Add the following line within the braces:

deny_time = 30

This denies the host that attempted to connect to the port for 30 minutes. Other acceptable values for the deny_time attribute are FOREVER, which keeps the ban in effect until xinetd is restarted, and NEVER, which allows the connection and logs it. Finally, the last line should read:

disable = no

While using SENSOR is a good way to detect and stop connections from nefarious hosts, it has two drawbacks:

  • It does not work against stealth scans.
  • An attacker who knows a SENSOR is running can mount a denial of service attack against particular hosts by forging their IP addresses and connecting to the forbidden port.

Controlling Server Resources – Another important feature of xinetd is its ability to control the amount of resources services under its control can utilize. It does this by way of the following directives

  • cps = <number_of_connections> <wait_period> — Dictates the connections allowed to the service per second. This directive accepts only integer values.
  • instances = <number_of_connections> — Dictates the total number of connections allowed to a service. This directive accepts either an integer value or UNLIMITED.
  • per_source = <number_of_connections> — Dictates the connections allowed to a service by each host. This directive accepts either an integer value or UNLIMITED.
  • rlimit_as = <number[K|M]> — Dictates the amount of memory address space the service can occupy in kilobytes or megabytes. This directive accepts either an integer value or UNLIMITED.
  • rlimit_cpu = <number_of_seconds> — Dictates the amount of time in seconds that a service may occupy the CPU. This directive accepts either an integer value or UNLIMITED.

Using these directives can help prevent any one xinetd service from overwhelming the system, resulting in a denial of service.

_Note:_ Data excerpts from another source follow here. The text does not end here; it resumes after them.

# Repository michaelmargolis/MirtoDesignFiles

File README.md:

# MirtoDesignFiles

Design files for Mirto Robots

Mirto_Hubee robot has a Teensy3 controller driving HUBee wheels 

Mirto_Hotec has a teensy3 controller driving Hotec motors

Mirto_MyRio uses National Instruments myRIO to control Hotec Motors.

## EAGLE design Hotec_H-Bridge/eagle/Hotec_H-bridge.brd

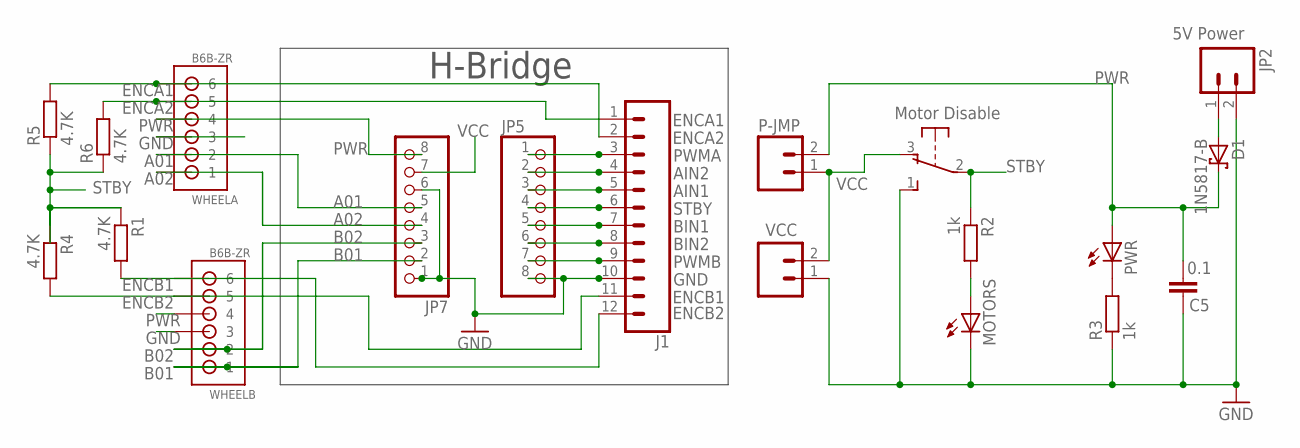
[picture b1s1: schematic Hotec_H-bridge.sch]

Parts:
C5: 0.1; CAP-PTH-SMALLEZ
D1: 1N5817-B; DO41-7.6
J1: CONN_12; 1X12
JP2: M023.5MM; SCREWTERMINAL-3.5MM-2
JP5, JP7: PINHD-1X8CLEANBIG; 1X08-CLEANBIG
MOTORS: LED3MM
P-JMP: M02PTH; 1X02
PWR: LED3MM
R1, R4, R5, R6: 4.7K; 0204/7
R2, R3: 1k; 0204/7
SW1: OS102011MA1Q
VCC: M02PTH; 1X02
WHEELA: B6B-ZR
WHEELB: B6B-ZR

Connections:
A01: JP7.5, WHEELA.2
A02: JP7.4, WHEELA.1
AIN1: J1.5, JP5.3
AIN2: J1.4, JP5.2
B01: JP7.2, WHEELB.1
B02: JP7.3, WHEELB.2
BIN1: J1.7, JP5.5
BIN2: J1.8, JP5.6
ENCA1: J1.2, R5.2, WHEELA.6
ENCA2: J1.1, R6.2, WHEELA.5
ENCB1: J1.12, R1.2, WHEELB.6
ENCB2: J1.11, R4.2, WHEELB.5
GND: C5.1, J1.10, JP2.2, JP5.8, JP7.1, JP7.6, MOTORS.K (C), R3.1, SW1.1 (S), VCC.1, WHEELA.3, WHEELB.3
unnamed: PWR.K (C), R3.2
unnamed: MOTORS.A, R2.2
unnamed: D1.A, JP2.1
PWMA: J1.3, JP5.1
PWMB: J1.9, JP5.7
PWR: C5.2, D1.C, JP7.8, P-JMP.2, PWR.A, WHEELA.4, WHEELB.4
STBY: J1.6, JP5.4, R1.1, R2.1, R4.1, R5.1, R6.1, SW1.2
VCC: JP7.7, P-JMP.1, SW1.3 (O), VCC.2

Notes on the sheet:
Motor Disable
5V Power
H-Bridge

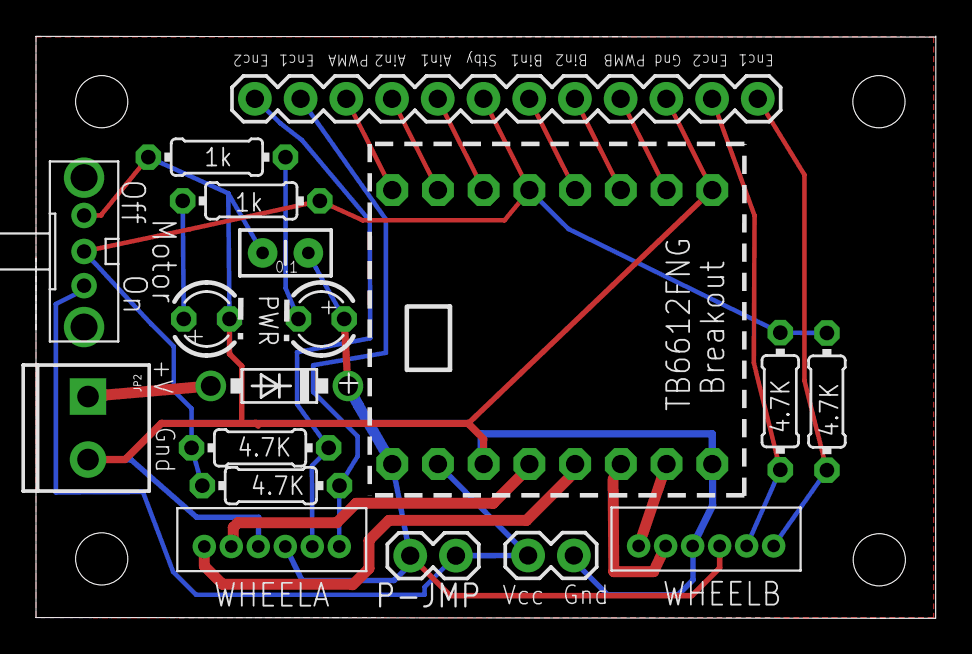
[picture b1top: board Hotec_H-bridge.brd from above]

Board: 2 copper layers, 50.0 x 32.4 mm, 19 parts (0 on the bottom side), 21 nets.

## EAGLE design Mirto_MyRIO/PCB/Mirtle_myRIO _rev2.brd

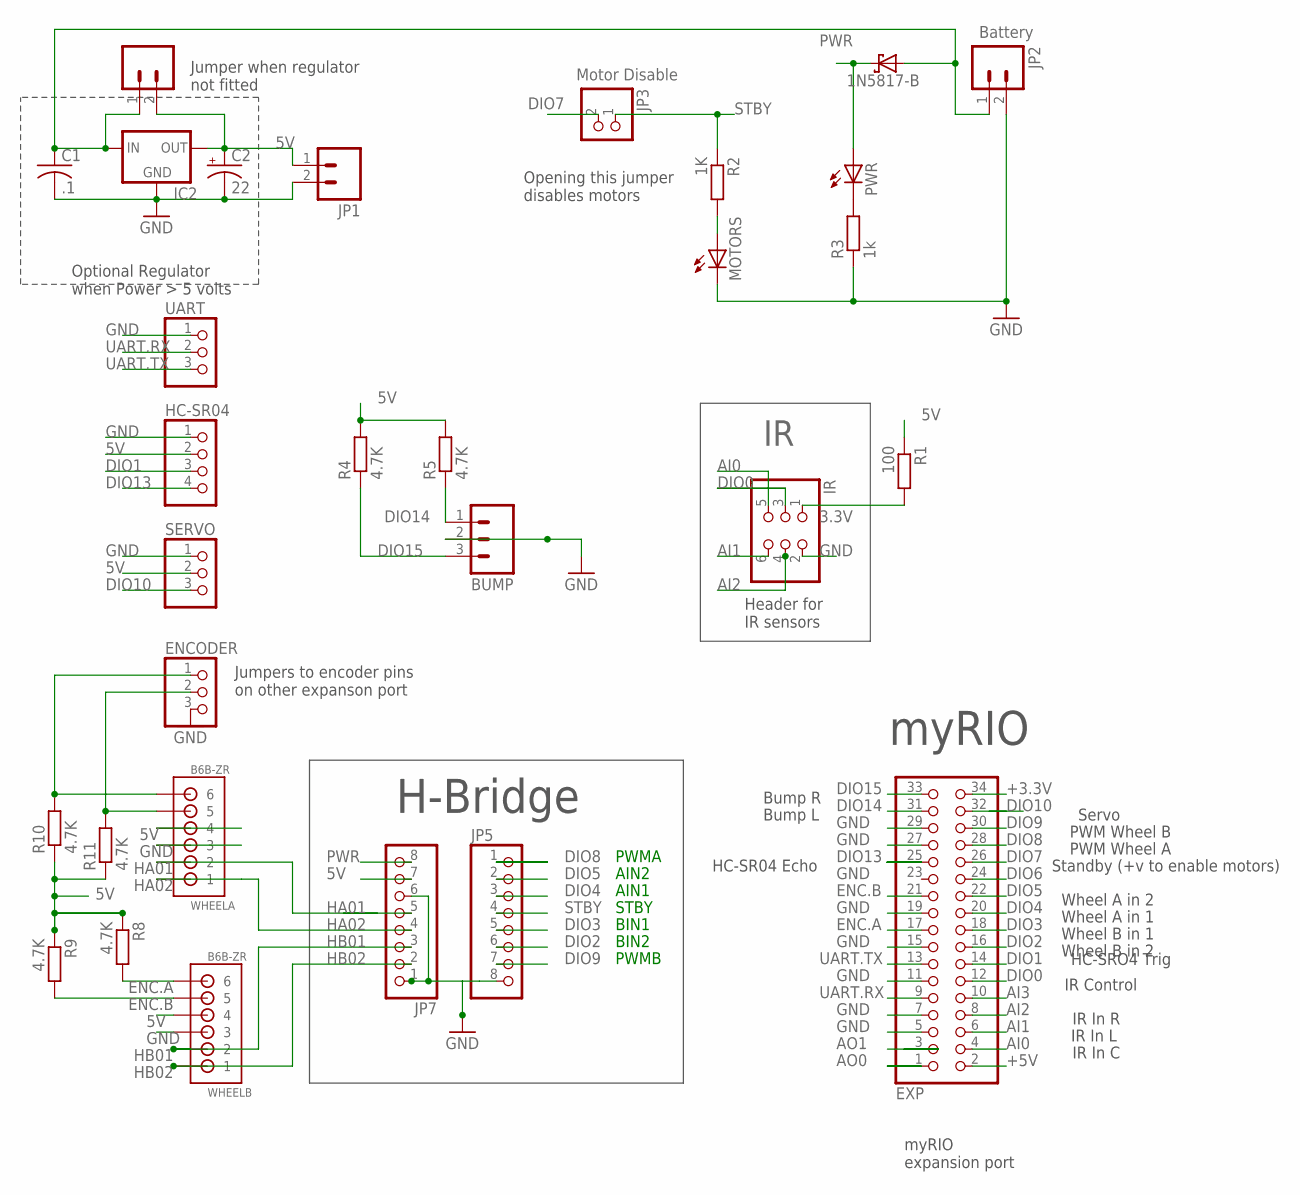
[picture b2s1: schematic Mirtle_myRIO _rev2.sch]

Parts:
5VJMPR: M02PTH; 1X02
BUMP: M03SCREW; SCREWTERMINAL-3.5MM-3
C1: .1; C025-024X044
C2: 22; E2-5
D1: 1N5817-B; DO41-7.6
ENCODER: PINHD-1X3/90; 1X03/90
EXP: PINHD-2X17/90; 2X17/90
HC-SR04: PINHD-1X4/90; 1X04/90
IC2: 78MXXS
IR: PINHD-2X3; 2X03
JP1, JP2: M023.5MM; SCREWTERMINAL-3.5MM-2
JP3: PINHD-1X2/90; 1X02/90
JP5, JP7: PINHD-1X8CLEANBIG; 1X08-CLEANBIG
MOTORS: LED3MM
PWR: LED3MM
R1: 100; 0204/7
R2: 1K; 0204/7
R3: 1k; 0204/7
R4, R5, R8, R9, R10, R11: 4.7K; 0204/7
SERVO: PINHD-1X3/90; 1X03/90
UART: PINHD-1X3/90; 1X03/90
WHEELA: B6B-ZR
WHEELB: B6B-ZR

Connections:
3.3V: IR.1, R1.2
5V: 5VJMPR.2, C2.+, HC-SR04.2, IC2.OUT, JP1.1, JP7.7, R1.1, R4.2, R5.2, R8.1, R9.1, R10.1, R11.1, SERVO.2, WHEELA.4, WHEELB.4
+3.3V: EXP.34
+5V: EXP.2
AI0: EXP.4, IR.5
AI1: EXP.6, IR.6
AI2: EXP.8, IR.4
AI3: EXP.10
AO0: EXP.1
AO1: EXP.3
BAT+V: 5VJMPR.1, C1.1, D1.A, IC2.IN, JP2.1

Netfilter and IPTables – The Linux kernel features a powerful networking subsystem called netfilter. The netfilter subsystem provides stateful or stateless packet filtering as well as NAT and IP masquerading services. Netfilter also has the ability to mangle IP header information for advanced routing and connection state management. Netfilter is controlled through the IPTables utility.

The power and flexibility of netfilter is implemented through the IPTables interface. This command-line tool is similar in syntax to its predecessor, IPChains; however, IPTables uses the netfilter subsystem to enhance network connection, inspection, and processing; whereas IPChains used intricate rule sets for filtering source and destination paths, as well as connection ports for both. IPTables features advanced logging, pre- and post-routing actions, network address translation, and port forwarding all in one command-line interface.